With nothing selected in the model, right-click in the display area and choose Add Cyclic Symmetry.
Enter a Point on axis and Axis direction vector to define the cyclic axis (O in the figures). Again, these parameters must be defined numerically. You cannot graphically select vertices or construction points to populate the axis input fields.
In the Matching surfaces table, enter the previously recorded part and surface numbers of the pairs of matching symmetry faces. Use the Add Row button as needed to create as many rows as there are surface pairs on the cut faces. In Figure 2(a), there are two matching pairs, so the table requires two rows. In Figure 2(b), there is only one matching pair, so the table requires just one row.
Note: The numbers in the Matching surfaces table headings (Part 1, Surface 1, Part 2, Surface 2) neither correspond to any actual part or surface numbers nor imply that the part number will necessarily differ between the two faces. They merely label the part and surface number columns that correspond to the first and second cyclic symmetry face, respectively (whatever the specified numbers may be).

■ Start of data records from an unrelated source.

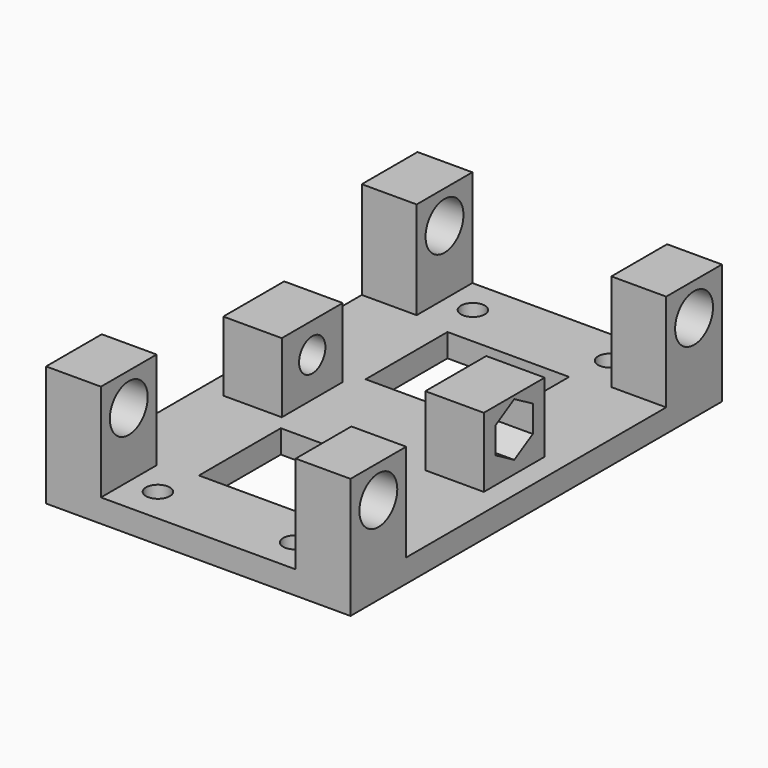
from build123d import *

# Parameters (mm, degrees)
F0_W      = 83.264
F0_H      = 127
F1_DEPTH  = 6.35
F2_W      = 15
F2_H      = 19.05
F3_DEPTH  = 26.67
F5_D      = 12.954
F7_D      = 6.528
F8_W      = 16
F8_H      = 20.828
F9_DEPTH  = 19.05
F11_DEPTH = 10
F13_DEPTH = 10
F15_D     = 9
F16_W     = 33.264
F16_H     = 28
F17_DEPTH = 6.351


# Not quite as in the source:
# - a feature names something its author has since deleted; it is built from what else it names


with BuildPart() as f1:
    # F0 (on Top) → F1 (new body)
    with BuildSketch(Plane.XY):
        with Locations((-3.6434741511, 1.1941809207)):
            Rectangle(F0_W, F0_H)
    extrude(amount=F1_DEPTH)

    # F2 (on face) → F3 (join)
    with BuildSketch(Plane.XY.offset(6.35)):
        with Locations((-37.7754741511, 55.1691809207)):
            Rectangle(F2_W, F2_H)
        with Locations((30.4885258489, 55.1691809207)):
            Rectangle(F2_W, F2_H)
        with Locations((30.4885258489, -52.7808190793)):
            Rectangle(F2_W, F2_H)
        with Locations((-37.7754741511, -52.7808190793)):
            Rectangle(F2_W, F2_H)
    extrude(amount=F3_DEPTH)

    # F5 (through all)
    with Locations(Plane(origin=(-45.2754741511, 0, 0), x_dir=(0, -1, 0), z_dir=(-1, 0, 0))):
        with Locations((-55.1691809207, 24.006), (52.7808190793, 24.006)):
            Hole(F5_D / 2)

    # F7 (through all)
    with Locations(Plane.XY.offset(6.35)):
        with Locations((-22.3994741511, 55.0421809207), (15.1125258489, 55.0421809207), (-22.3994741511, -52.6538190793), (15.1125258489, -52.6538190793)):
            Hole(F7_D / 2)

    # F8 (on face) → F9 (join)
    with BuildSketch(Plane.XY.offset(6.35)):
        with Locations((-31.2754741511, 1.1941809207)):
            Rectangle(F8_W, F8_H)
        with Locations((23.9885258489, 1.1941809207)):
            Rectangle(F8_W, F8_H)
    extrude(amount=F9_DEPTH)

    # F10 (on face) → F11 (cut)
    with BuildSketch(Plane(origin=(-39.2754741511, 0, 0), x_dir=(0, -1, 0), z_dir=(-1, 0, 0))):
        Polygon((5.1458190793, 13.4845992933), (5.1458190793, 20.8054007067), (-1.1941809207, 24.4658014133), (-7.5341809207, 20.8054007067), (-7.5341809207, 13.4845992933), (-1.1941809207, 9.8241985867), align=None)
    extrude(amount=-F11_DEPTH, mode=Mode.SUBTRACT)

    # F12 (on face) → F13 (cut)
    with BuildSketch(Plane.YZ.offset(31.9885258489)):
        Polygon((7.5341809207, 13.4845992933), (7.5341809207, 20.8054007067), (1.1941809207, 24.4658014133), (-5.1458190793, 20.8054007067), (-5.1458190793, 13.4845992933), (1.1941809207, 9.8241985867), align=None)
    extrude(amount=-F13_DEPTH, mode=Mode.SUBTRACT)

    # F15 (through all)
    with Locations(Plane(origin=(-29.2754741511, 0, 0), x_dir=(0, -1, 0), z_dir=(-1, 0, 0))):
        with Locations((-1.1941809207, 17.1448014133)):
            Hole(F15_D / 2)

    # F16 (on face) → F17 (cut, through all)
    with BuildSketch(Plane.XY.offset(6.35)):
        with Locations((-3.6434741511, 29.6941809207)):
            Rectangle(F16_W, F16_H)
        with Locations((-3.6434741511, -27.3058190793)):
            Rectangle(F16_W, F16_H)
    extrude(amount=-F17_DEPTH, mode=Mode.SUBTRACT)


solid = f1.part

Click the OK button to save the data.
Note: No entry is created in the Load and Constraint Groups branch of the browser for Cyclic Symmetry boundary conditions. To verify that the conditions have been applied, revisit the Cyclic Symmetry dialog. The option Include cyclic symmetry in analysis should be activated, and the Point on axis, Axis direction vector, and Matching surfaces parameters should be defined.
Run the analysis.

Review Results:

Keep in mind that the accuracy of an analysis that uses the iterative solver is dependent on the convergence tolerance. When reviewing the results, one check should be whether the displacements on the opposite faces are identical. This is easier to check if a cylindrical coordinate system is used. See the Local Coordinate Systems page for details.